## Your assignment
State the number of lines in these records that include the string "mask", and say nothing more.

## Source material
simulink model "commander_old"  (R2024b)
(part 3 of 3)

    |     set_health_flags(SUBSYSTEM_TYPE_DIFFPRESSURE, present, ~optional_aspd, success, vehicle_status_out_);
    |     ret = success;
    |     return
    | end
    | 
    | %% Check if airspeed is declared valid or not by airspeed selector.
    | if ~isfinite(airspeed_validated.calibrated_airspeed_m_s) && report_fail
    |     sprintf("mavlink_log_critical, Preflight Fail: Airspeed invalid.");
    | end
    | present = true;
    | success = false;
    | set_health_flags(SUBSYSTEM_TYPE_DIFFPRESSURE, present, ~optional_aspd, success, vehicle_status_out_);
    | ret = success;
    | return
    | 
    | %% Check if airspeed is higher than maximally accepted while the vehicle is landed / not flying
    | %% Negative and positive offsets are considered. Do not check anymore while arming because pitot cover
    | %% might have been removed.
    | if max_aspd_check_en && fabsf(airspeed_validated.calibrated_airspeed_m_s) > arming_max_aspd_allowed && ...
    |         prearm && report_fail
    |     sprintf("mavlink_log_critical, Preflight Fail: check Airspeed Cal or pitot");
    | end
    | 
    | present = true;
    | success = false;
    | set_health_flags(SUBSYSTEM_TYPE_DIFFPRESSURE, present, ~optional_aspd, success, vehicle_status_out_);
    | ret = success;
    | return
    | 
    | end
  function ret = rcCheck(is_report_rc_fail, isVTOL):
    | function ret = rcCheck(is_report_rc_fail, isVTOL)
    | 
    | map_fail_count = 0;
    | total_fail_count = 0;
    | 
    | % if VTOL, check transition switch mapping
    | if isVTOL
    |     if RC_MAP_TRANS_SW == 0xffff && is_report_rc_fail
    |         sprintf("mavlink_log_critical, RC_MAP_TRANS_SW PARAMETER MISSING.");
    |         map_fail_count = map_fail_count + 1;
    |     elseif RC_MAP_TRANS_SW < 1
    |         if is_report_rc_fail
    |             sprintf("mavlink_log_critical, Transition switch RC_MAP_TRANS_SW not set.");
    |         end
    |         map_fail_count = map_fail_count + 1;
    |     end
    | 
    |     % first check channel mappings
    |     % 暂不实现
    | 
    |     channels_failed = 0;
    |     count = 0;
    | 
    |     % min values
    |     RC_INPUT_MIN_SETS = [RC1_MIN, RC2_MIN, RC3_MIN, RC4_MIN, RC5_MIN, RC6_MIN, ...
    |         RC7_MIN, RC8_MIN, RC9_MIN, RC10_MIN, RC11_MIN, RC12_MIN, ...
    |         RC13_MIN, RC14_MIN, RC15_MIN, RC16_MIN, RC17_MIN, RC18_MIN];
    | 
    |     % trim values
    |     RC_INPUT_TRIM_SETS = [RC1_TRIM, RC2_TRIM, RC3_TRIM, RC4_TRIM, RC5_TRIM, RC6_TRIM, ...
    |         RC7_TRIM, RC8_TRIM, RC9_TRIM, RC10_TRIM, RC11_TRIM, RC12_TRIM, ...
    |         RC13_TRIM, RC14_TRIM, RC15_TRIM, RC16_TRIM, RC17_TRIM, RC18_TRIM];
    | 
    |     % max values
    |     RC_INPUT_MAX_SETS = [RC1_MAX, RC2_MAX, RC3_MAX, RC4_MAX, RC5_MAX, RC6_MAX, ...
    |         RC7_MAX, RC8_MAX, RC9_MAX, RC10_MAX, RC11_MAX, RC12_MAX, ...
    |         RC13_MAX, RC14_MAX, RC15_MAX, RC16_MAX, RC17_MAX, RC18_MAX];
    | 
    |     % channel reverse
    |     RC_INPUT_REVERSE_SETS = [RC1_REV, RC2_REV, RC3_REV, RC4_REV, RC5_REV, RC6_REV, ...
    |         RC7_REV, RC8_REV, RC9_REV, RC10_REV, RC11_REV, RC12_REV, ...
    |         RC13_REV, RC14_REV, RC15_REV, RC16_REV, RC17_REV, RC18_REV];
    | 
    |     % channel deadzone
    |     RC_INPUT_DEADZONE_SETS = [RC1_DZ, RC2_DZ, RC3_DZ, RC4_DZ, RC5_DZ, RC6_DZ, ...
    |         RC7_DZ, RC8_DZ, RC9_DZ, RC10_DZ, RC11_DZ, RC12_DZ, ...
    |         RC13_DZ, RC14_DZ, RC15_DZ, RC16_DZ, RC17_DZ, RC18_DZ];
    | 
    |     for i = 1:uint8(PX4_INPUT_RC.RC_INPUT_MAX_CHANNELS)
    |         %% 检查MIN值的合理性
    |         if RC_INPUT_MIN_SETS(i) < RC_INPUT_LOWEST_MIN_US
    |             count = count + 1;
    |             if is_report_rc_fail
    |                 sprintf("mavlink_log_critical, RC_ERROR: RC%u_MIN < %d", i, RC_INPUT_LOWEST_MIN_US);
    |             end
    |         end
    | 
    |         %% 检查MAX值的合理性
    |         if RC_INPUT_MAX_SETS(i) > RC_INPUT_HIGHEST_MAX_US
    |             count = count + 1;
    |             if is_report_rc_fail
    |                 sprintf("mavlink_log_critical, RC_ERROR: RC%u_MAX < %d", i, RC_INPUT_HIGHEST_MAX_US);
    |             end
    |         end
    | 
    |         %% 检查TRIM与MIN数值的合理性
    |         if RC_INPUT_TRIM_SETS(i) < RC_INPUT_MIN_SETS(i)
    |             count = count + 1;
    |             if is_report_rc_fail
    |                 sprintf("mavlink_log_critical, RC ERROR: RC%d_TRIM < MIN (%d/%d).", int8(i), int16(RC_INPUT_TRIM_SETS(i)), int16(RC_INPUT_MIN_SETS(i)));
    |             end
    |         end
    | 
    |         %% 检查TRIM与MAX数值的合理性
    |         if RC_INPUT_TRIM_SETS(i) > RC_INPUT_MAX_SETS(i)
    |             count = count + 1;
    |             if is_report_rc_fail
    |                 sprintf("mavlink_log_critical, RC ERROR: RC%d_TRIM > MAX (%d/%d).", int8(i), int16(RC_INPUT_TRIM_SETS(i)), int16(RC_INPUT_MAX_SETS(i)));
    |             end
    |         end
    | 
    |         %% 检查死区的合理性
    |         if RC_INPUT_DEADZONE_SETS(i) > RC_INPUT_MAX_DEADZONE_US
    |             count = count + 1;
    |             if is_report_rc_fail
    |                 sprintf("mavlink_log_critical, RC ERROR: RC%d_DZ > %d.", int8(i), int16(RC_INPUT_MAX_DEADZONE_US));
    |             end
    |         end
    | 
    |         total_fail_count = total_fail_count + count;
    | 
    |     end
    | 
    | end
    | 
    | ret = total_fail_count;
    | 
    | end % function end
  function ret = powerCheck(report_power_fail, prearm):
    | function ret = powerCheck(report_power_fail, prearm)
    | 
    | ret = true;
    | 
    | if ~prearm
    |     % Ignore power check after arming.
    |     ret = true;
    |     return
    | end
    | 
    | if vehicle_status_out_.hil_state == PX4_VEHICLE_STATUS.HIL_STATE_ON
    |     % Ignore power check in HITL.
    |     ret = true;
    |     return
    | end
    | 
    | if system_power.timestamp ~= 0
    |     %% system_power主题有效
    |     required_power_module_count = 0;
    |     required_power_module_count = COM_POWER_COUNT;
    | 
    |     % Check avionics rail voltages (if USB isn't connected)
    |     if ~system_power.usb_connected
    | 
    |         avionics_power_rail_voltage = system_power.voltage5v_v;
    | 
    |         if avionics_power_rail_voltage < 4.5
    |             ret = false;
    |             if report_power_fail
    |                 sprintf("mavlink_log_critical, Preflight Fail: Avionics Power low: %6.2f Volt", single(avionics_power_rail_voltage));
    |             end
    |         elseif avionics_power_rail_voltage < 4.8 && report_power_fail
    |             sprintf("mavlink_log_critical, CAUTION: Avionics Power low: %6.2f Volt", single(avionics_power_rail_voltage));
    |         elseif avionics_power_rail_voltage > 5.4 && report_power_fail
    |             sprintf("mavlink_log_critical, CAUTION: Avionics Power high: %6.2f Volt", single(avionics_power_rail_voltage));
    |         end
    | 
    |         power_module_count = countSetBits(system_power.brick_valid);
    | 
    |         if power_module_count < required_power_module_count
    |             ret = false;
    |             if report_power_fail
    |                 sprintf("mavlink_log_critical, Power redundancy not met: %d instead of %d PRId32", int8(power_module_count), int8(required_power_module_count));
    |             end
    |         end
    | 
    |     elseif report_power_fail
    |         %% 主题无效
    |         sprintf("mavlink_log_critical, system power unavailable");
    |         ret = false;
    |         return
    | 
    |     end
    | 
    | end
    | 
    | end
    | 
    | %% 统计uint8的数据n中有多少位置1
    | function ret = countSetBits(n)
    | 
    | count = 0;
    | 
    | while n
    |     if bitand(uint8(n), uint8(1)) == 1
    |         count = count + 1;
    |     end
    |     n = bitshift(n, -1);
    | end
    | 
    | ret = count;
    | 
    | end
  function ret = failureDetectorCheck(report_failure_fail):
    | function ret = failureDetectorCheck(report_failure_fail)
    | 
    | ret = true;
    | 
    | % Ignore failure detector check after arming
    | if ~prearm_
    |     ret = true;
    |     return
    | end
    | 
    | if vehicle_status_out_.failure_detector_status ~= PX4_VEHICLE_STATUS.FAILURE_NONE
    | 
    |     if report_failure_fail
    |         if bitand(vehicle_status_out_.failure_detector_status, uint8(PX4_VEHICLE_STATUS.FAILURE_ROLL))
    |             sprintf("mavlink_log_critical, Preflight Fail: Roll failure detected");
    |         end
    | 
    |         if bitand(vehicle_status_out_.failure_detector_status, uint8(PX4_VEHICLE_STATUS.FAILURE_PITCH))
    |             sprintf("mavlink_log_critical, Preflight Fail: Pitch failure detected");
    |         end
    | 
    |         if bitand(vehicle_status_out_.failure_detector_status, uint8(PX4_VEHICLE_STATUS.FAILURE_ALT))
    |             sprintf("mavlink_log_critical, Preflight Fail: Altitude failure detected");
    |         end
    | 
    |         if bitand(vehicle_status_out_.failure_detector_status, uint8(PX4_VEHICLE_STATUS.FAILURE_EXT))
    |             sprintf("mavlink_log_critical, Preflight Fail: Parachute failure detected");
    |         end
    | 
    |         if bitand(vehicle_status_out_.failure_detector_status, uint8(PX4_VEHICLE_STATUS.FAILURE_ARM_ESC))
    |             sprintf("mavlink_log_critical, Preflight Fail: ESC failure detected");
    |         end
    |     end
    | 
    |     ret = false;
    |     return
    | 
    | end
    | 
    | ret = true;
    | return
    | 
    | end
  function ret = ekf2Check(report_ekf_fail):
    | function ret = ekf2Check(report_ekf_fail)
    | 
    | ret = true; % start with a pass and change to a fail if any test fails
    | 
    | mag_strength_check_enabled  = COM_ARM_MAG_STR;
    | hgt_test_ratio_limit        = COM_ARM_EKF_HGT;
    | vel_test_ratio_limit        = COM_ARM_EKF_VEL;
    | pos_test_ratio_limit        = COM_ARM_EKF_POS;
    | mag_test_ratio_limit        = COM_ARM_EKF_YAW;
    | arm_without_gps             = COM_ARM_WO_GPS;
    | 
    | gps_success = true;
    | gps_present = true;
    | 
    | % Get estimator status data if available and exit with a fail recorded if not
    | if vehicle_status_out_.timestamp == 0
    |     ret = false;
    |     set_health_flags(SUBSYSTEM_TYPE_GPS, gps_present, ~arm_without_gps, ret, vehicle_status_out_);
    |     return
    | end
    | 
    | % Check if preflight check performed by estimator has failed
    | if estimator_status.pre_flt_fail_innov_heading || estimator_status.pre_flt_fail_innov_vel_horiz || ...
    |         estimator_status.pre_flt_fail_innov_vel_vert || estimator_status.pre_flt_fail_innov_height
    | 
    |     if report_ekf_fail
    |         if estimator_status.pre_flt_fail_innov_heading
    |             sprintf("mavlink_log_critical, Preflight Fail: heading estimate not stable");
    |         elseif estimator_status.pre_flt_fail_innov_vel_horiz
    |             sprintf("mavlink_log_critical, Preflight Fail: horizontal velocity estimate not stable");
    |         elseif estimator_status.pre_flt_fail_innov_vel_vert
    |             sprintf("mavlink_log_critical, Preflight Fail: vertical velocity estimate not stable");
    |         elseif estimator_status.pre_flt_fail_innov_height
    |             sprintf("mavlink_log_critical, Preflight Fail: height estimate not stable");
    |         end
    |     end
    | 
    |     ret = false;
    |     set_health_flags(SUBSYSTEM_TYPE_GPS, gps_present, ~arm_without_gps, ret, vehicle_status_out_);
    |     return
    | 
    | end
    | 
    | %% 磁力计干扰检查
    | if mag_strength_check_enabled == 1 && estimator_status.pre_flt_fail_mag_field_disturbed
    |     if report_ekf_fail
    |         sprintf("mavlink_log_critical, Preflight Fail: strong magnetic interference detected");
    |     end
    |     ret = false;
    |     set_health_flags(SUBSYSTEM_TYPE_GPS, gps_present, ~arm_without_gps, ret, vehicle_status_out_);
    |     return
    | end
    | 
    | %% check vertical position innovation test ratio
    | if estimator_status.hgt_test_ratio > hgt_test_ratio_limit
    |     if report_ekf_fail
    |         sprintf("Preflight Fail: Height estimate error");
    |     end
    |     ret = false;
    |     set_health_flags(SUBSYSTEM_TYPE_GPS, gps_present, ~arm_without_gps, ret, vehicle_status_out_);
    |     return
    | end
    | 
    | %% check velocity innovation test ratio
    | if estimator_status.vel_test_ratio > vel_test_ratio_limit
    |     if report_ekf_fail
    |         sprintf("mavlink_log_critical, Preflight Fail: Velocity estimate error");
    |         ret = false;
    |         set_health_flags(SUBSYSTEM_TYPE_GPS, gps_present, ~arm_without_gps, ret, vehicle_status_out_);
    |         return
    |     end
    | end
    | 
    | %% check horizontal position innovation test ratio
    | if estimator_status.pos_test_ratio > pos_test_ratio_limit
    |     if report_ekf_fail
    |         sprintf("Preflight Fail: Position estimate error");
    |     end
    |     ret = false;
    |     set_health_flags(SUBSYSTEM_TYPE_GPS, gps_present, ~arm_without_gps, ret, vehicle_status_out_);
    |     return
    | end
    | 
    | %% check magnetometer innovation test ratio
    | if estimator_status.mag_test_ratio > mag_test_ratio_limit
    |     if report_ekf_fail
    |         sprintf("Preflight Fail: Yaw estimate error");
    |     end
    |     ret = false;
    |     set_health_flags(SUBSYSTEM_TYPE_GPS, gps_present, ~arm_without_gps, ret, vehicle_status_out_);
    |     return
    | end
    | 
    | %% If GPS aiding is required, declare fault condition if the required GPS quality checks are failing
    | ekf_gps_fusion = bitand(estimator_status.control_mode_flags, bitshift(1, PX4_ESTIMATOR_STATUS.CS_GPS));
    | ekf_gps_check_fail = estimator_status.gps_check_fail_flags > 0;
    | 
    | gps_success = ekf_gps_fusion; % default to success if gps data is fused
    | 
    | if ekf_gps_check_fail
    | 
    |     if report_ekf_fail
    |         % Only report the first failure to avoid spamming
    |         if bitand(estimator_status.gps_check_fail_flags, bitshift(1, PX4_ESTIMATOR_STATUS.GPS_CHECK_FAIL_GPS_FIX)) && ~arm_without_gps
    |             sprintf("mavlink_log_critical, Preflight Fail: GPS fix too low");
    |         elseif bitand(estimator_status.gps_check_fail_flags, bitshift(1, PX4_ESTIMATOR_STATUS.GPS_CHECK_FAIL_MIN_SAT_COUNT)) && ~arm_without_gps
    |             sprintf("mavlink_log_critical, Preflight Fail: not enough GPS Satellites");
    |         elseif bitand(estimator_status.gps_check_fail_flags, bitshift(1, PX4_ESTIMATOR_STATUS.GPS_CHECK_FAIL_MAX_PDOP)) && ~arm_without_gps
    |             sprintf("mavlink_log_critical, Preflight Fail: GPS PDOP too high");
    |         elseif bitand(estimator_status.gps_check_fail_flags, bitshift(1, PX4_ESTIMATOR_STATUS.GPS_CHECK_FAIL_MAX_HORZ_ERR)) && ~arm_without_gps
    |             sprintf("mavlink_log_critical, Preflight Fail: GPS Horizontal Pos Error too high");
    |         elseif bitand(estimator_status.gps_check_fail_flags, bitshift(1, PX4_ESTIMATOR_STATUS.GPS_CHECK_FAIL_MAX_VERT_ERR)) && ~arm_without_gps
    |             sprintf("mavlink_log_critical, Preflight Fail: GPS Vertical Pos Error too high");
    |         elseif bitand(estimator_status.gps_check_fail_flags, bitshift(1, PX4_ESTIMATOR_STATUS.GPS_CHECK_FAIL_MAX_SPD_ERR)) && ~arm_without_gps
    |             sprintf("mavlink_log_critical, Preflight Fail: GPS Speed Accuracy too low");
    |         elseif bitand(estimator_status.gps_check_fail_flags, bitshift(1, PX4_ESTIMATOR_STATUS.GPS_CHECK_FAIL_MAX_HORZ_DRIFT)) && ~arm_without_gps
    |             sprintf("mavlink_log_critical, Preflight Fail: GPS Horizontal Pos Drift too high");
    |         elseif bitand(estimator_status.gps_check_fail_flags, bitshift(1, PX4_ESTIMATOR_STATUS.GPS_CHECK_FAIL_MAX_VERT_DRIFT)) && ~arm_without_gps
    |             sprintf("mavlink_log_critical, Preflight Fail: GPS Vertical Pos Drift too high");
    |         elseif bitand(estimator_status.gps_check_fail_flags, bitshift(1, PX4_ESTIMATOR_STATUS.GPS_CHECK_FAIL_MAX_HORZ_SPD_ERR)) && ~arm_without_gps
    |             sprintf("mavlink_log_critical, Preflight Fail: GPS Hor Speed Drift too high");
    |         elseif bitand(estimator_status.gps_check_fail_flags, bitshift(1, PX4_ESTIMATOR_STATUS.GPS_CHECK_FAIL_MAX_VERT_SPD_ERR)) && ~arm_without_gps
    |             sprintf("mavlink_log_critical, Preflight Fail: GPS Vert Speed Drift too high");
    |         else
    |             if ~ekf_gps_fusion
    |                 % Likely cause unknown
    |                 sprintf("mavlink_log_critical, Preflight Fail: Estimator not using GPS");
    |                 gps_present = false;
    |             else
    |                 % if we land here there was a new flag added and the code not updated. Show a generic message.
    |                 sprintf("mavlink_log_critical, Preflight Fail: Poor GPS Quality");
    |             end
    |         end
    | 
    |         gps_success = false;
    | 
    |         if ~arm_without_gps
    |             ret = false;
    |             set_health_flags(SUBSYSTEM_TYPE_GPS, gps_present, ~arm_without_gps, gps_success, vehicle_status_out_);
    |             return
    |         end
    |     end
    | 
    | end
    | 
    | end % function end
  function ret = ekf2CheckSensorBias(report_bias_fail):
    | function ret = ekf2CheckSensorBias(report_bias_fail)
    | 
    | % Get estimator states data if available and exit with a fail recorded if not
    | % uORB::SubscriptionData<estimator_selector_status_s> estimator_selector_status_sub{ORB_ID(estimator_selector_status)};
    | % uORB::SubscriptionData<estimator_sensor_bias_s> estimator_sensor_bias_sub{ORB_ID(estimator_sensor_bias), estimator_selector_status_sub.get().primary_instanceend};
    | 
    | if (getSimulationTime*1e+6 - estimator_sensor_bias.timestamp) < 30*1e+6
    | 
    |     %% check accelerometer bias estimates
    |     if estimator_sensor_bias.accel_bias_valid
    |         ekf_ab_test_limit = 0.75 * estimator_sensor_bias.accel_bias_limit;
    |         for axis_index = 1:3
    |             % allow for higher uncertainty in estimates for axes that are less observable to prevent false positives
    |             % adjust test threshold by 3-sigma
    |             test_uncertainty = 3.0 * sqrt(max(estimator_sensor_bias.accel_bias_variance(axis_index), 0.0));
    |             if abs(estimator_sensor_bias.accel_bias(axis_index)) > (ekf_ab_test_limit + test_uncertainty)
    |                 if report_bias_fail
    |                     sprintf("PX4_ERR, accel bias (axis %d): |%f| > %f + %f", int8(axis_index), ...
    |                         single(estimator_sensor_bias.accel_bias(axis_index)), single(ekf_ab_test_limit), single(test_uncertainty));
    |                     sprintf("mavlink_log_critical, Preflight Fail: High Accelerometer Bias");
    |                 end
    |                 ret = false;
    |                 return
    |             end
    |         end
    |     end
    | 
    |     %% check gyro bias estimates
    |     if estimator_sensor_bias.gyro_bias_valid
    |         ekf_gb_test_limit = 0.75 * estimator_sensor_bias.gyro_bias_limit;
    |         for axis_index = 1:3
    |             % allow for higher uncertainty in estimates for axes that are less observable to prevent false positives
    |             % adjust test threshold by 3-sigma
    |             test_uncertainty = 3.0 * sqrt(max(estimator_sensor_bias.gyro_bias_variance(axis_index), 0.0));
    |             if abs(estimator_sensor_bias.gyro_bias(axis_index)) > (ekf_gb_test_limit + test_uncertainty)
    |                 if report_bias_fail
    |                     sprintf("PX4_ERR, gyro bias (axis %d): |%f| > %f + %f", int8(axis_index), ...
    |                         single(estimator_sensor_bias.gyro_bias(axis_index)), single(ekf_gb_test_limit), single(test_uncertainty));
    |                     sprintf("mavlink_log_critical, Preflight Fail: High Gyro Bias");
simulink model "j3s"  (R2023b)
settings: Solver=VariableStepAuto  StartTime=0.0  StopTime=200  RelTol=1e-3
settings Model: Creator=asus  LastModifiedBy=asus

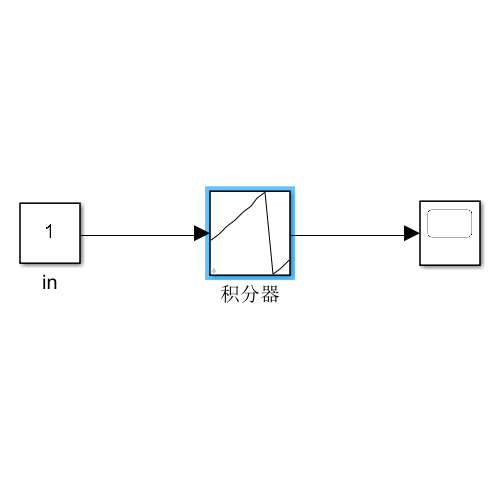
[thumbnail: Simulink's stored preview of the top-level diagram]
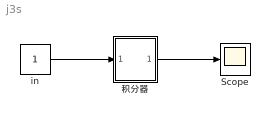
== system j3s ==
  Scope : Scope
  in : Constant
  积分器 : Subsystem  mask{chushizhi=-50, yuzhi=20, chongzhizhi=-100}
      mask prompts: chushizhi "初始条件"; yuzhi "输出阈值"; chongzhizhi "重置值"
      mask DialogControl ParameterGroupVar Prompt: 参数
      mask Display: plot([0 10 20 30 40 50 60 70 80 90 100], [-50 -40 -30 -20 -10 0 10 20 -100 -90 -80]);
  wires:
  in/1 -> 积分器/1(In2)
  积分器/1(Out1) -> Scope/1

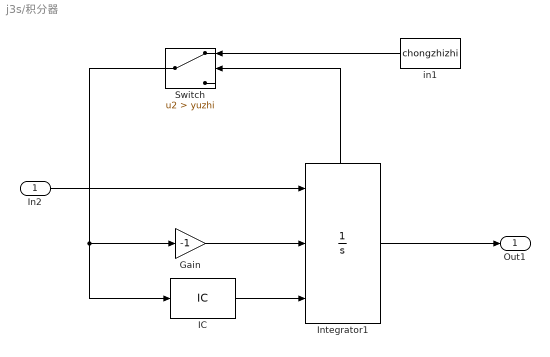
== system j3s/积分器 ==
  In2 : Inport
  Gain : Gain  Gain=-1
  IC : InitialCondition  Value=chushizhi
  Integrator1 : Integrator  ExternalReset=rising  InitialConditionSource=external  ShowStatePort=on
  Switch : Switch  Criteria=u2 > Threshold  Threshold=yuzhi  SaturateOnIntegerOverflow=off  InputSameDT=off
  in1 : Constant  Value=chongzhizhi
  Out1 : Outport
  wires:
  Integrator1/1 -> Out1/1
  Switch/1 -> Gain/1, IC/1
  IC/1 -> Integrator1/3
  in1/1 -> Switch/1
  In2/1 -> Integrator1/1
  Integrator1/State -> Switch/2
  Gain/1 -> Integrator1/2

## Solution for this problem
4